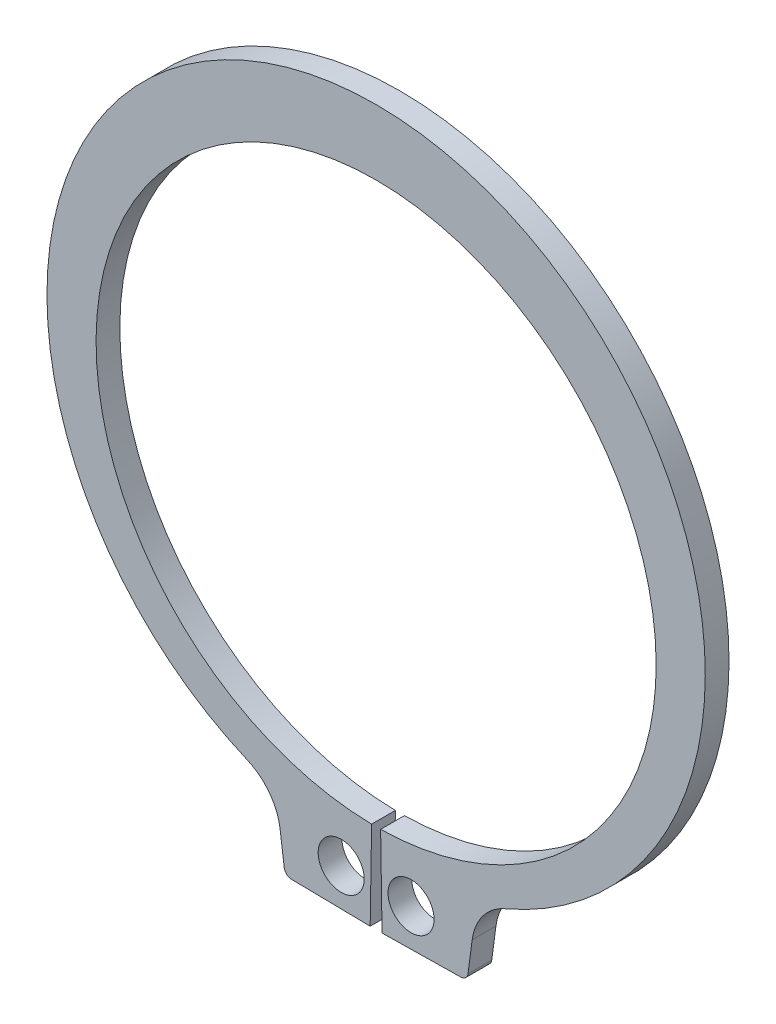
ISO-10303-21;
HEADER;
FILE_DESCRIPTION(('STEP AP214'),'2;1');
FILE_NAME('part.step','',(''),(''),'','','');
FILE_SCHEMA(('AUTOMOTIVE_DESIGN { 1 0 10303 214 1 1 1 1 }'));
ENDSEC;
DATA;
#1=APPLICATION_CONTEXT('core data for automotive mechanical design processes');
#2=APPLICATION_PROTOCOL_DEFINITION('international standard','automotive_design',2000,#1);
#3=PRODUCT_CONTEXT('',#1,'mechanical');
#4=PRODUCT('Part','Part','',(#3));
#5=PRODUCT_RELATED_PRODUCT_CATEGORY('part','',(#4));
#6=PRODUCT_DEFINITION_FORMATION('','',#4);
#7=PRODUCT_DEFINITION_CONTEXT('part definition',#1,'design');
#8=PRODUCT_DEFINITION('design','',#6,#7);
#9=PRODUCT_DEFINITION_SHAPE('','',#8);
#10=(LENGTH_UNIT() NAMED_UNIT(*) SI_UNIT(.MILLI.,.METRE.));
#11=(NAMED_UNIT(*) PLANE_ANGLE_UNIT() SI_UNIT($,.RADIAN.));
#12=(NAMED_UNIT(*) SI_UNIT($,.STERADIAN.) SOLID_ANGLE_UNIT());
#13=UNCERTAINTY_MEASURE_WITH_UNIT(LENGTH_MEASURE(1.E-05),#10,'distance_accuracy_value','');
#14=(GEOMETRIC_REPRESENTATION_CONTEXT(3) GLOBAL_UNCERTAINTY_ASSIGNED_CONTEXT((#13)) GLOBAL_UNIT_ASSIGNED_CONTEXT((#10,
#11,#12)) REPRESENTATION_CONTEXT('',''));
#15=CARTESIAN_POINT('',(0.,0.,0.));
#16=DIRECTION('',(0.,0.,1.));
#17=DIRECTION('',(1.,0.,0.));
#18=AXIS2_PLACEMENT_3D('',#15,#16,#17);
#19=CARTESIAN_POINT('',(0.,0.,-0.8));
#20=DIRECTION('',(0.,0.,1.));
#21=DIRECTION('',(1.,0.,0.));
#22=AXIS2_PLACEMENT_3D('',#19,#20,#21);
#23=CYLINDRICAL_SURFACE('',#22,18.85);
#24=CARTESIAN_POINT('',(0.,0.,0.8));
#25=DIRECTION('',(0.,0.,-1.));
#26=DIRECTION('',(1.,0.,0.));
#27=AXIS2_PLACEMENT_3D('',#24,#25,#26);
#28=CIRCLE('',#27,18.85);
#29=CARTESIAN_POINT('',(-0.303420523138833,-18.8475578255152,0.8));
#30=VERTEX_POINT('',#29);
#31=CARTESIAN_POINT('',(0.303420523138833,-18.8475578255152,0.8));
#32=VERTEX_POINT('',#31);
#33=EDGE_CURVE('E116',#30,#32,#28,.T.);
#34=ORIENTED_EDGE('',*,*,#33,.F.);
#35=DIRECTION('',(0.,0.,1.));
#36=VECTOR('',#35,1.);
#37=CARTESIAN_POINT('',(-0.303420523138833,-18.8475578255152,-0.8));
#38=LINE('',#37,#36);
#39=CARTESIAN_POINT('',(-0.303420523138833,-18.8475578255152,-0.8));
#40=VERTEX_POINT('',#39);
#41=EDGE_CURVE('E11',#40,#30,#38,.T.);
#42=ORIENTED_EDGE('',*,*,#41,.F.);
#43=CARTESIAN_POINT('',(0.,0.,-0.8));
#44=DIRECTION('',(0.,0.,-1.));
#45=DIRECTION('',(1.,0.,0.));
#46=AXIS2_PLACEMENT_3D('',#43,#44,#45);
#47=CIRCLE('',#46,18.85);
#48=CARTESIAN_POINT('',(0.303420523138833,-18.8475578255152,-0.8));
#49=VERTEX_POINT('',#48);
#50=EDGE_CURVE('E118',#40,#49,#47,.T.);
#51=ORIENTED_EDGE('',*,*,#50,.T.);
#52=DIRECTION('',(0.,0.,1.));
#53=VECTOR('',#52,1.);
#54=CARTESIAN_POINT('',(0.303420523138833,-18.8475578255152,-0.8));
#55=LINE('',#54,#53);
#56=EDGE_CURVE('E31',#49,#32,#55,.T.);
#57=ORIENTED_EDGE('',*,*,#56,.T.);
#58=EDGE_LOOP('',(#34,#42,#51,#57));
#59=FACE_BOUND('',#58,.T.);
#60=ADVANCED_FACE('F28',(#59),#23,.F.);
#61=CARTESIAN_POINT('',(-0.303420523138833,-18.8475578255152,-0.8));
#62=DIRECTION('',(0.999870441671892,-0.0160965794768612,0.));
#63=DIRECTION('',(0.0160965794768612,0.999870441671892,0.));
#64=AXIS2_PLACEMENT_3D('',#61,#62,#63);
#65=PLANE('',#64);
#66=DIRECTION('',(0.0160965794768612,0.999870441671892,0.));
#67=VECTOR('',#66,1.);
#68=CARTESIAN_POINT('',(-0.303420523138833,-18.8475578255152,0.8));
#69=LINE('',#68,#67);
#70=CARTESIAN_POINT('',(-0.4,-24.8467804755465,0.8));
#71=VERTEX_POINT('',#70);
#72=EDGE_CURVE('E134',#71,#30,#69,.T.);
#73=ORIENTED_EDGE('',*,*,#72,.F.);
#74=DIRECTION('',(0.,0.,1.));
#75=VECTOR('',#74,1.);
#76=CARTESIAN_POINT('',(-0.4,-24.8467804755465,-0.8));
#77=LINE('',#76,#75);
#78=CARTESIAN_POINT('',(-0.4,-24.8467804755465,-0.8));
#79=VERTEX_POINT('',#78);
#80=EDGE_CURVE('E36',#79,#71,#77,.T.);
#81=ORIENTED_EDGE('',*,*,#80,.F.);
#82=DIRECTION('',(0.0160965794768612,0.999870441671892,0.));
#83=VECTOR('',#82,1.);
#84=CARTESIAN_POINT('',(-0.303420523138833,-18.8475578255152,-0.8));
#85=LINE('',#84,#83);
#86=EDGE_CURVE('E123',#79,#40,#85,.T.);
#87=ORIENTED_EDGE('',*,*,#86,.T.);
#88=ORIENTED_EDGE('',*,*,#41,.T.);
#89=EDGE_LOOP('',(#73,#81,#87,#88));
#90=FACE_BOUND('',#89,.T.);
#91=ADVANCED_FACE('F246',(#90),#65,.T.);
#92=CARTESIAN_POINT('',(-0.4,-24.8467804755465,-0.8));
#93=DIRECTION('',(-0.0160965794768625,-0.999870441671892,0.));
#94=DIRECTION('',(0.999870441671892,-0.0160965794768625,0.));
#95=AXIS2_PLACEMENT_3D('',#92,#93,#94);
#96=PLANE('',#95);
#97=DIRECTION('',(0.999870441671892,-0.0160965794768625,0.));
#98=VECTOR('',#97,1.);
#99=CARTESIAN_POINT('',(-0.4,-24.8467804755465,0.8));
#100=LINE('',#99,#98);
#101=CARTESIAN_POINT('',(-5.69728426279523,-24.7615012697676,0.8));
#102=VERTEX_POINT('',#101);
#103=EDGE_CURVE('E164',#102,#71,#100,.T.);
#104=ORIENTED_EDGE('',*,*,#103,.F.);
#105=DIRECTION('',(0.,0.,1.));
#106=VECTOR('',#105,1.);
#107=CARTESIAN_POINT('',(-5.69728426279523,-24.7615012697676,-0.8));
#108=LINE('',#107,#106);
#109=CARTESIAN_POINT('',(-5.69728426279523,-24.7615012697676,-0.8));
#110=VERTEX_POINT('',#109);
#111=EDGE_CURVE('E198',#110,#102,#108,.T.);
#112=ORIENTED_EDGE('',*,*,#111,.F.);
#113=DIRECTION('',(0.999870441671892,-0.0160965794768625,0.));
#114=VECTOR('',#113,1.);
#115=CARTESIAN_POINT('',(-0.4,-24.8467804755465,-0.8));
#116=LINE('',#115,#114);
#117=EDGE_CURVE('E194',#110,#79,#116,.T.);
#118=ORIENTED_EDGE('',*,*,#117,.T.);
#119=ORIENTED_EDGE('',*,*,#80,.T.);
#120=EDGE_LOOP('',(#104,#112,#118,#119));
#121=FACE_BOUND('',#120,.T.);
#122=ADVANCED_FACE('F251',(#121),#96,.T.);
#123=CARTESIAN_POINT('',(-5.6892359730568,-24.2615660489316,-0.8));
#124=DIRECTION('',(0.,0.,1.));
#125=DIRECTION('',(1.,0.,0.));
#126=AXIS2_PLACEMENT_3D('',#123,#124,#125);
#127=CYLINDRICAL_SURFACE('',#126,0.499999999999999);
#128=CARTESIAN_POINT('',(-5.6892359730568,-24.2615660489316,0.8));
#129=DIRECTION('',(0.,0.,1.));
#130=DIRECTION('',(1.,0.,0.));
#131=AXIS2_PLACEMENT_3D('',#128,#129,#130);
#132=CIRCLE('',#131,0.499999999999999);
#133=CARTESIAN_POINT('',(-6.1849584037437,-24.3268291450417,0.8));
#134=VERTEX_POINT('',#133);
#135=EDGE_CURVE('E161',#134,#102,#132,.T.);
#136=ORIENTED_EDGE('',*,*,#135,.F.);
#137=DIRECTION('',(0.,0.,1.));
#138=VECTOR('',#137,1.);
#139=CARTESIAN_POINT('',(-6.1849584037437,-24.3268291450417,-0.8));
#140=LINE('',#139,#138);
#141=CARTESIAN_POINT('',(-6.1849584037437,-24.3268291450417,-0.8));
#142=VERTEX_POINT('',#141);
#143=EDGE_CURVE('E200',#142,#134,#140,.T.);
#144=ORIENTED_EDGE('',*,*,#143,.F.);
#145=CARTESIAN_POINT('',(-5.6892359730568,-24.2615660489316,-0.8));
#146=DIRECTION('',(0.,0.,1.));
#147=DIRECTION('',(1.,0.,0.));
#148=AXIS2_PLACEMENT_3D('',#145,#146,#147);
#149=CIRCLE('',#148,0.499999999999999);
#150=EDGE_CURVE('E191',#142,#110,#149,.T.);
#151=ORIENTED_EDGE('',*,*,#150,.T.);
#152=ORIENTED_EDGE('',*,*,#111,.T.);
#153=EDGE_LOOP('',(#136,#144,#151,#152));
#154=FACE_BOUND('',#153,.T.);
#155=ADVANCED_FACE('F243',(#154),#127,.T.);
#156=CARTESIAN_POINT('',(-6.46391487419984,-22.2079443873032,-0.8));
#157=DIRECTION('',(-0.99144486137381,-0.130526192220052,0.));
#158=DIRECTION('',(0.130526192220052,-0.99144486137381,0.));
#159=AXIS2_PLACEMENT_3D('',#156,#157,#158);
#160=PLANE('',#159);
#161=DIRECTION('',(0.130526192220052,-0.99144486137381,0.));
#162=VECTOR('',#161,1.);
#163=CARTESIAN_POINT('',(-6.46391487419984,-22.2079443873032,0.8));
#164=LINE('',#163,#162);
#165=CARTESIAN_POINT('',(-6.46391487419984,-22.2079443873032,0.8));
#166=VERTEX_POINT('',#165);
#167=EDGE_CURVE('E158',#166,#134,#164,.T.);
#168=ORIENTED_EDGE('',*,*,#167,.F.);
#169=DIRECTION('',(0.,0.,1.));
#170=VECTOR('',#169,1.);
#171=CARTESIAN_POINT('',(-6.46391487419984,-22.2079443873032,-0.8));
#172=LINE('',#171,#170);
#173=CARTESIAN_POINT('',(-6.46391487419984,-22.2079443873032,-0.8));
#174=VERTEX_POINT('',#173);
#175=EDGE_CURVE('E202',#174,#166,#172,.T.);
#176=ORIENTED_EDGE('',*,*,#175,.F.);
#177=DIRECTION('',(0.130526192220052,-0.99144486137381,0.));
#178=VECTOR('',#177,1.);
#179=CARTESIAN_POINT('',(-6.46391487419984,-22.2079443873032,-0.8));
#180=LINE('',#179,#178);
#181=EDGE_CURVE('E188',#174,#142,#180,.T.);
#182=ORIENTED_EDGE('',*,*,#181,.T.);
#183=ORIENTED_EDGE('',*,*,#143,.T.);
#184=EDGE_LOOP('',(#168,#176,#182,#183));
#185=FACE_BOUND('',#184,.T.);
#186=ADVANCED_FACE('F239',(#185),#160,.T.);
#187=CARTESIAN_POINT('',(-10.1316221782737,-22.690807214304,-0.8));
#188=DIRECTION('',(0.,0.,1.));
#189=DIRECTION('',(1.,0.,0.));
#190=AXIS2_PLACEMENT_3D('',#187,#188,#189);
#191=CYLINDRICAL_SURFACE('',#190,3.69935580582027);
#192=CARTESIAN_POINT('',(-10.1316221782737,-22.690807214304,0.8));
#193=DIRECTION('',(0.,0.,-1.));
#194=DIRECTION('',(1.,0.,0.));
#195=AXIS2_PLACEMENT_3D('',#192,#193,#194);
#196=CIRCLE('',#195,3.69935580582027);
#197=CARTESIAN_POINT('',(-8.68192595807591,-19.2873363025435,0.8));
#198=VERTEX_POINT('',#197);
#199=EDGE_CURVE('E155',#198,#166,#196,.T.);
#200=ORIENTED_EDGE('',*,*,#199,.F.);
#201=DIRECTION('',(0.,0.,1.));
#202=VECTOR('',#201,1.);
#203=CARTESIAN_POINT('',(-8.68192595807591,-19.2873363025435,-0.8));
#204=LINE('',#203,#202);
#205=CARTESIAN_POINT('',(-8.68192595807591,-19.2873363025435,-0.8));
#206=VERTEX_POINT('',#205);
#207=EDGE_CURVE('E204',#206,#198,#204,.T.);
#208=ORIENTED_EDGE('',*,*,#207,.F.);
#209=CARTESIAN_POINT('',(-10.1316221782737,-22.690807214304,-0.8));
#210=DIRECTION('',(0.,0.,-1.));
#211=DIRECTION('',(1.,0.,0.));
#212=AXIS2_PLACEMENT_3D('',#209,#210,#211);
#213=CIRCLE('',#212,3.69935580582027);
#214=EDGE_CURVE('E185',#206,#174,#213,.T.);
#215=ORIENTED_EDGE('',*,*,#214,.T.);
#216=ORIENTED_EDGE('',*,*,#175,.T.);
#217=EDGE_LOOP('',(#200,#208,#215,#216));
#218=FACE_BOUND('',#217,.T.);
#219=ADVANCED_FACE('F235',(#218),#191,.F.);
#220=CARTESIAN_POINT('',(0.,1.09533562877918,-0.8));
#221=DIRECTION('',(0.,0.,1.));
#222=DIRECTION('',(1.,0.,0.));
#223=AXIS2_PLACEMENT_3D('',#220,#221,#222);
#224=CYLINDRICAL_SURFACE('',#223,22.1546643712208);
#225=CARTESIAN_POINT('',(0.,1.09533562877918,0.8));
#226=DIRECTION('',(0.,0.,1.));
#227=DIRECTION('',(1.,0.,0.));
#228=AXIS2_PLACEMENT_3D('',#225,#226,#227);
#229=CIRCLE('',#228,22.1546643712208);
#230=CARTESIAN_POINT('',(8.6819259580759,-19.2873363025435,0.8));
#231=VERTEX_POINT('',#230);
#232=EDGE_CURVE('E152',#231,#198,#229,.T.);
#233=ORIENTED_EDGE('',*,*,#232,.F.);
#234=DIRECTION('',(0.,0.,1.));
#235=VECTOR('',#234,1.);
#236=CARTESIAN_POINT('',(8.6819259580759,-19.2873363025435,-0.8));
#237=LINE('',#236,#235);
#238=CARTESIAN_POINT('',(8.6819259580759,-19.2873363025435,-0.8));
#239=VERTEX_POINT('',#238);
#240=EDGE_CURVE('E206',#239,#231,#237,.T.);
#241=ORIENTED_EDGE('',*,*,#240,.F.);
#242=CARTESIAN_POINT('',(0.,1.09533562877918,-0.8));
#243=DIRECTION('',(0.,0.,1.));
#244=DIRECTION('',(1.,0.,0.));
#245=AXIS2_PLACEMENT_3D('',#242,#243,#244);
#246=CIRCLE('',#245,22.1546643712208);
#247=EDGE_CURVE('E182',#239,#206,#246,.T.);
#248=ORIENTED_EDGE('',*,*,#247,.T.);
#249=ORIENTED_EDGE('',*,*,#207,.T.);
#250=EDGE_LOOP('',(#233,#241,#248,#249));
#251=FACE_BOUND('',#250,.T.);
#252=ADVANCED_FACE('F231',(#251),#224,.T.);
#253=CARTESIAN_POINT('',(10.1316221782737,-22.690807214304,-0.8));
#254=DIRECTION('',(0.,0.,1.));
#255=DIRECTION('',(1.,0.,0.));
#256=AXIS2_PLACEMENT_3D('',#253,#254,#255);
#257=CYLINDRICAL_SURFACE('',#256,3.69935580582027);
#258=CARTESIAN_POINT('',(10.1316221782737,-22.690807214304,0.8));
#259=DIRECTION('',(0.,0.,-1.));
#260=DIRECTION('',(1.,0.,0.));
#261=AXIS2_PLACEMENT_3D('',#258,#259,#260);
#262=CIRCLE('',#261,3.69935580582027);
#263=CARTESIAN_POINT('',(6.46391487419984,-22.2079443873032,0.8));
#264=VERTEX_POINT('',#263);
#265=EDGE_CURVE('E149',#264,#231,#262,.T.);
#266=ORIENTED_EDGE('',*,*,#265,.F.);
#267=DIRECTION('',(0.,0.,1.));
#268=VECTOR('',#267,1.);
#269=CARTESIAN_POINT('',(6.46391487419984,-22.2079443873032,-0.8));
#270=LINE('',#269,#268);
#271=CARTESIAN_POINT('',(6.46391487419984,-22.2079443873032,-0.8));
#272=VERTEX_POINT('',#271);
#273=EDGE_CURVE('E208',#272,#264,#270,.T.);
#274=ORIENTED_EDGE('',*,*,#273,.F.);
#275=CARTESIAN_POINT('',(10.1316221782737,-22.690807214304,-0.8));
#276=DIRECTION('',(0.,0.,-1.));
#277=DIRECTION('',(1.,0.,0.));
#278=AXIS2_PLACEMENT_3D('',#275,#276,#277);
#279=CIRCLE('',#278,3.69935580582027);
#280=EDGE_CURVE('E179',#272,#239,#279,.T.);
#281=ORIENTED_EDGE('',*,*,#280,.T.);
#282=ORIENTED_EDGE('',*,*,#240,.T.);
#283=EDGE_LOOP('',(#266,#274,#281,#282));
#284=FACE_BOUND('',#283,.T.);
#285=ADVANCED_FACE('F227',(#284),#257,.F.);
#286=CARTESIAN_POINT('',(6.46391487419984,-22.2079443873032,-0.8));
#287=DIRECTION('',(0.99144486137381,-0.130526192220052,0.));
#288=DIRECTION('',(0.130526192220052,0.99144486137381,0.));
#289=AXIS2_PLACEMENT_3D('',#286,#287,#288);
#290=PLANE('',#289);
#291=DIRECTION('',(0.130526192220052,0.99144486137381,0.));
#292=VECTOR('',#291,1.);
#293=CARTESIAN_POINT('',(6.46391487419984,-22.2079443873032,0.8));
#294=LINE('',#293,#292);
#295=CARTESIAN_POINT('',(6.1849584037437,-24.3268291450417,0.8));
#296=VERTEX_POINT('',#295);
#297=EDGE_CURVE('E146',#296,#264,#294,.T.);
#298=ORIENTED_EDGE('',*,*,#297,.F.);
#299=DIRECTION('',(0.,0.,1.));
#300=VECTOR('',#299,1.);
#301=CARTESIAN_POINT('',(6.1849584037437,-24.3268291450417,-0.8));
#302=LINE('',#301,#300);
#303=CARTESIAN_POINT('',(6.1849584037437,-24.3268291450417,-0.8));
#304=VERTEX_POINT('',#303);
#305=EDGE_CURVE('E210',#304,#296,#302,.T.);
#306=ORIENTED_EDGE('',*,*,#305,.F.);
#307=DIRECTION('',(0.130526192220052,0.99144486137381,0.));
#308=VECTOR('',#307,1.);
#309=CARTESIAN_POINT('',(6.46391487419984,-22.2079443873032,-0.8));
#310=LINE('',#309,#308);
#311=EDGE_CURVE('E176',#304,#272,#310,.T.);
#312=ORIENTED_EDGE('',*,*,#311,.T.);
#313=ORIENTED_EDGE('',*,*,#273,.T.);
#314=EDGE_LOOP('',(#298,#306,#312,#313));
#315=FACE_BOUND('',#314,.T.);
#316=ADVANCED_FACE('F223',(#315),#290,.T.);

- [What is required] Copy out, word for word, the part of the entries above that begins at the line with "#143=EDGE_CURVE('E200',#142,#134,#140,.T.);" and ends at the line with "#157=DIRECTION('',(-0.99144486137381,-0.130526192220052,0.));", including both.

- [Expected output]
#143=EDGE_CURVE('E200',#142,#134,#140,.T.);
#144=ORIENTED_EDGE('',*,*,#143,.F.);
#145=CARTESIAN_POINT('',(-5.6892359730568,-24.2615660489316,-0.8));
#146=DIRECTION('',(0.,0.,1.));
#147=DIRECTION('',(1.,0.,0.));
#148=AXIS2_PLACEMENT_3D('',#145,#146,#147);
#149=CIRCLE('',#148,0.499999999999999);
#150=EDGE_CURVE('E191',#142,#110,#149,.T.);
#151=ORIENTED_EDGE('',*,*,#150,.T.);
#152=ORIENTED_EDGE('',*,*,#111,.T.);
#153=EDGE_LOOP('',(#136,#144,#151,#152));
#154=FACE_BOUND('',#153,.T.);
#155=ADVANCED_FACE('F243',(#154),#127,.T.);
#156=CARTESIAN_POINT('',(-6.46391487419984,-22.2079443873032,-0.8));
#157=DIRECTION('',(-0.99144486137381,-0.130526192220052,0.));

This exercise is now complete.